This 3D-Printed Microscope Lets You Test Water Anywhere
Published on by Water Network Research, Official research team of The Water Network in Technology
With just a Raspberry Pi-powered camera, this 3D-Printed microscope will tell you if there are bacteria in your drinking supply.
You can download the recipe for the OpenFlexure microscope from GitHub, feed it into a 3D printer and, combined with a little camera and computer, you have a way to observing bacteria at the cellular level.
The kit is central to a new project that aims to reduce the cost of water-testing in the developing world and keep more people from getting water-borne diseases. Currently, almost one in 10 people still go without verifiably clean water.
The microscope was developed at Cambridge University, in the U.K., and is part of the WaterScope initiative from five researchers there.
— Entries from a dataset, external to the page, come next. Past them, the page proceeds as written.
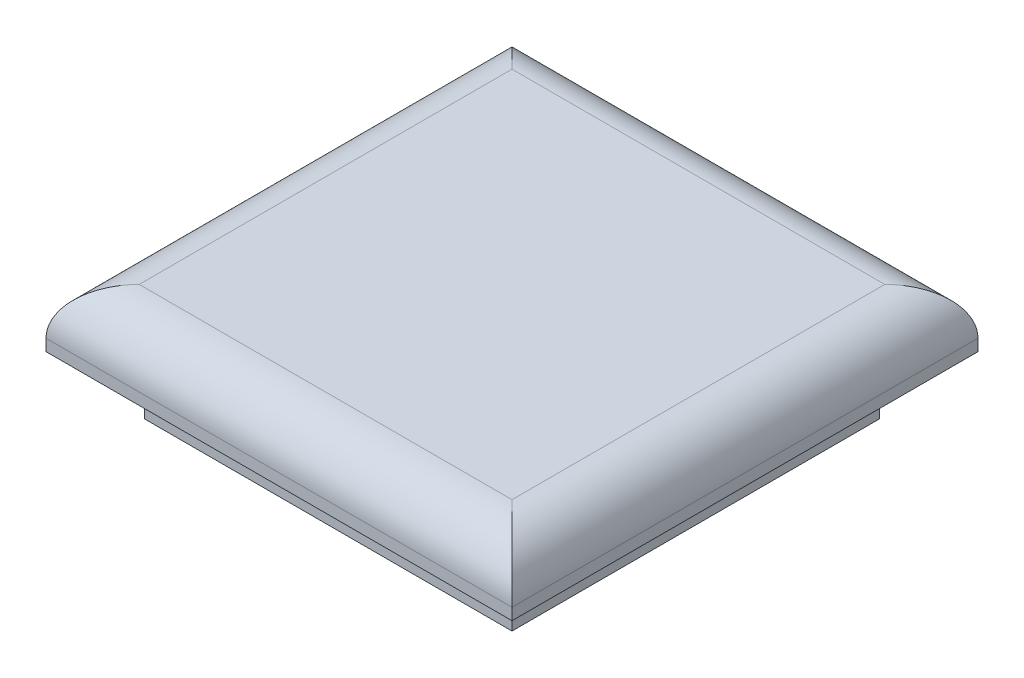
ISO-10303-21;
HEADER;
FILE_DESCRIPTION(('STEP AP214'),'2;1');
FILE_NAME('part.step','',(''),(''),'','','');
FILE_SCHEMA(('AUTOMOTIVE_DESIGN { 1 0 10303 214 1 1 1 1 }'));
ENDSEC;
DATA;
#1=APPLICATION_CONTEXT('core data for automotive mechanical design processes');
#2=APPLICATION_PROTOCOL_DEFINITION('international standard','automotive_design',2000,#1);
#3=PRODUCT_CONTEXT('',#1,'mechanical');
#4=PRODUCT('Part','Part','',(#3));
#5=PRODUCT_RELATED_PRODUCT_CATEGORY('part','',(#4));
#6=PRODUCT_DEFINITION_FORMATION('','',#4);
#7=PRODUCT_DEFINITION_CONTEXT('part definition',#1,'design');
#8=PRODUCT_DEFINITION('design','',#6,#7);
#9=PRODUCT_DEFINITION_SHAPE('','',#8);
#10=(LENGTH_UNIT() NAMED_UNIT(*) SI_UNIT(.MILLI.,.METRE.));
#11=(NAMED_UNIT(*) PLANE_ANGLE_UNIT() SI_UNIT($,.RADIAN.));
#12=(NAMED_UNIT(*) SI_UNIT($,.STERADIAN.) SOLID_ANGLE_UNIT());
#13=UNCERTAINTY_MEASURE_WITH_UNIT(LENGTH_MEASURE(1.E-05),#10,'distance_accuracy_value','');
#14=(GEOMETRIC_REPRESENTATION_CONTEXT(3) GLOBAL_UNCERTAINTY_ASSIGNED_CONTEXT((#13)) GLOBAL_UNIT_ASSIGNED_CONTEXT((#10,
#11,#12)) REPRESENTATION_CONTEXT('',''));
#15=CARTESIAN_POINT('',(0.,0.,0.));
#16=DIRECTION('',(0.,0.,1.));
#17=DIRECTION('',(1.,0.,0.));
#18=AXIS2_PLACEMENT_3D('',#15,#16,#17);
#19=CARTESIAN_POINT('',(0.,-3.175,-3.175));
#20=DIRECTION('',(0.,0.,1.));
#21=DIRECTION('',(1.,0.,0.));
#22=AXIS2_PLACEMENT_3D('',#19,#20,#21);
#23=PLANE('',#22);
#24=DIRECTION('',(1.,0.,0.));
#25=VECTOR('',#24,1.);
#26=CARTESIAN_POINT('',(0.,0.,-3.175));
#27=LINE('',#26,#25);
#28=CARTESIAN_POINT('',(3.175,0.,-3.175));
#29=VERTEX_POINT('',#28);
#30=CARTESIAN_POINT('',(16.853,0.,-3.175));
#31=VERTEX_POINT('',#30);
#32=EDGE_CURVE('E173',#29,#31,#27,.T.);
#33=ORIENTED_EDGE('',*,*,#32,.T.);
#34=DIRECTION('',(0.,1.,0.));
#35=VECTOR('',#34,1.);
#36=CARTESIAN_POINT('',(16.853,-3.175,-3.175));
#37=LINE('',#36,#35);
#38=CARTESIAN_POINT('',(16.853,-3.175,-3.175));
#39=VERTEX_POINT('',#38);
#40=EDGE_CURVE('E194',#39,#31,#37,.T.);
#41=ORIENTED_EDGE('',*,*,#40,.F.);
#42=DIRECTION('',(1.,0.,0.));
#43=VECTOR('',#42,1.);
#44=CARTESIAN_POINT('',(0.,-3.175,-3.175));
#45=LINE('',#44,#43);
#46=CARTESIAN_POINT('',(3.175,-3.175,-3.175));
#47=VERTEX_POINT('',#46);
#48=EDGE_CURVE('E272',#47,#39,#45,.T.);
#49=ORIENTED_EDGE('',*,*,#48,.F.);
#50=DIRECTION('',(0.,1.,0.));
#51=VECTOR('',#50,1.);
#52=CARTESIAN_POINT('',(3.175,-3.175,-3.175));
#53=LINE('',#52,#51);
#54=EDGE_CURVE('E202',#47,#29,#53,.T.);
#55=ORIENTED_EDGE('',*,*,#54,.T.);
#56=EDGE_LOOP('',(#33,#41,#49,#55));
#57=FACE_BOUND('',#56,.T.);
#58=ADVANCED_FACE('F33',(#57),#23,.F.);
#59=CARTESIAN_POINT('',(16.853,-3.175,0.));
#60=DIRECTION('',(1.,0.,0.));
#61=DIRECTION('',(0.,0.,-1.));
#62=AXIS2_PLACEMENT_3D('',#59,#60,#61);
#63=PLANE('',#62);
#64=DIRECTION('',(0.,0.,-1.));
#65=VECTOR('',#64,1.);
#66=CARTESIAN_POINT('',(16.853,0.,0.));
#67=LINE('',#66,#65);
#68=CARTESIAN_POINT('',(16.853,0.,-16.853));
#69=VERTEX_POINT('',#68);
#70=EDGE_CURVE('E190',#31,#69,#67,.T.);
#71=ORIENTED_EDGE('',*,*,#70,.T.);
#72=DIRECTION('',(0.,1.,0.));
#73=VECTOR('',#72,1.);
#74=CARTESIAN_POINT('',(16.853,-3.175,-16.853));
#75=LINE('',#74,#73);
#76=CARTESIAN_POINT('',(16.853,-3.175,-16.853));
#77=VERTEX_POINT('',#76);
#78=EDGE_CURVE('E197',#77,#69,#75,.T.);
#79=ORIENTED_EDGE('',*,*,#78,.F.);
#80=DIRECTION('',(0.,0.,-1.));
#81=VECTOR('',#80,1.);
#82=CARTESIAN_POINT('',(16.853,-3.175,0.));
#83=LINE('',#82,#81);
#84=EDGE_CURVE('E179',#39,#77,#83,.T.);
#85=ORIENTED_EDGE('',*,*,#84,.F.);
#86=ORIENTED_EDGE('',*,*,#40,.T.);
#87=EDGE_LOOP('',(#71,#79,#85,#86));
#88=FACE_BOUND('',#87,.T.);
#89=ADVANCED_FACE('F288',(#88),#63,.F.);
#90=CARTESIAN_POINT('',(0.,-3.175,-16.853));
#91=DIRECTION('',(0.,0.,1.));
#92=DIRECTION('',(1.,0.,0.));
#93=AXIS2_PLACEMENT_3D('',#90,#91,#92);
#94=PLANE('',#93);
#95=DIRECTION('',(1.,0.,0.));
#96=VECTOR('',#95,1.);
#97=CARTESIAN_POINT('',(0.,0.,-16.853));
#98=LINE('',#97,#96);
#99=CARTESIAN_POINT('',(3.175,0.,-16.853));
#100=VERTEX_POINT('',#99);
#101=EDGE_CURVE('E187',#100,#69,#98,.T.);
#102=ORIENTED_EDGE('',*,*,#101,.F.);
#103=DIRECTION('',(0.,1.,0.));
#104=VECTOR('',#103,1.);
#105=CARTESIAN_POINT('',(3.175,-3.175,-16.853));
#106=LINE('',#105,#104);
#107=CARTESIAN_POINT('',(3.175,-3.175,-16.853));
#108=VERTEX_POINT('',#107);
#109=EDGE_CURVE('E199',#108,#100,#106,.T.);
#110=ORIENTED_EDGE('',*,*,#109,.F.);
#111=DIRECTION('',(1.,0.,0.));
#112=VECTOR('',#111,1.);
#113=CARTESIAN_POINT('',(0.,-3.175,-16.853));
#114=LINE('',#113,#112);
#115=EDGE_CURVE('E277',#108,#77,#114,.T.);
#116=ORIENTED_EDGE('',*,*,#115,.T.);
#117=ORIENTED_EDGE('',*,*,#78,.T.);
#118=EDGE_LOOP('',(#102,#110,#116,#117));
#119=FACE_BOUND('',#118,.T.);
#120=ADVANCED_FACE('F290',(#119),#94,.T.);
#121=CARTESIAN_POINT('',(0.,-3.175,0.));
#122=DIRECTION('',(0.,0.,1.));
#123=DIRECTION('',(1.,0.,0.));
#124=AXIS2_PLACEMENT_3D('',#121,#122,#123);
#125=PLANE('',#124);
#126=DIRECTION('',(0.707106781186545,-0.70710678118655,0.));
#127=VECTOR('',#126,1.);
#128=CARTESIAN_POINT('',(20.028,-0.4,0.));
#129=LINE('',#128,#127);
#130=CARTESIAN_POINT('',(19.628,0.,0.));
#131=VERTEX_POINT('',#130);
#132=CARTESIAN_POINT('',(20.028,-0.4,0.));
#133=VERTEX_POINT('',#132);
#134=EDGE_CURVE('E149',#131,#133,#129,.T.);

It's currently being tested by Oxfam, the British charity, which sees it as a way of speeding up water-testing in out-the-way places.
Traditional microscope testing is "quite complex and it takes a long time to get a result," says Alex Patto, CEO and cofounder of the company. "Our test is simpler, faster, and cheaper, so we can get more tests done in a shorter amount of time."
As well as the microscope itself, Patto's team is also developing a one-use "consumable" chip that keeps a sample sterile and allows an ordinary non-technical person to test water without professional intervention.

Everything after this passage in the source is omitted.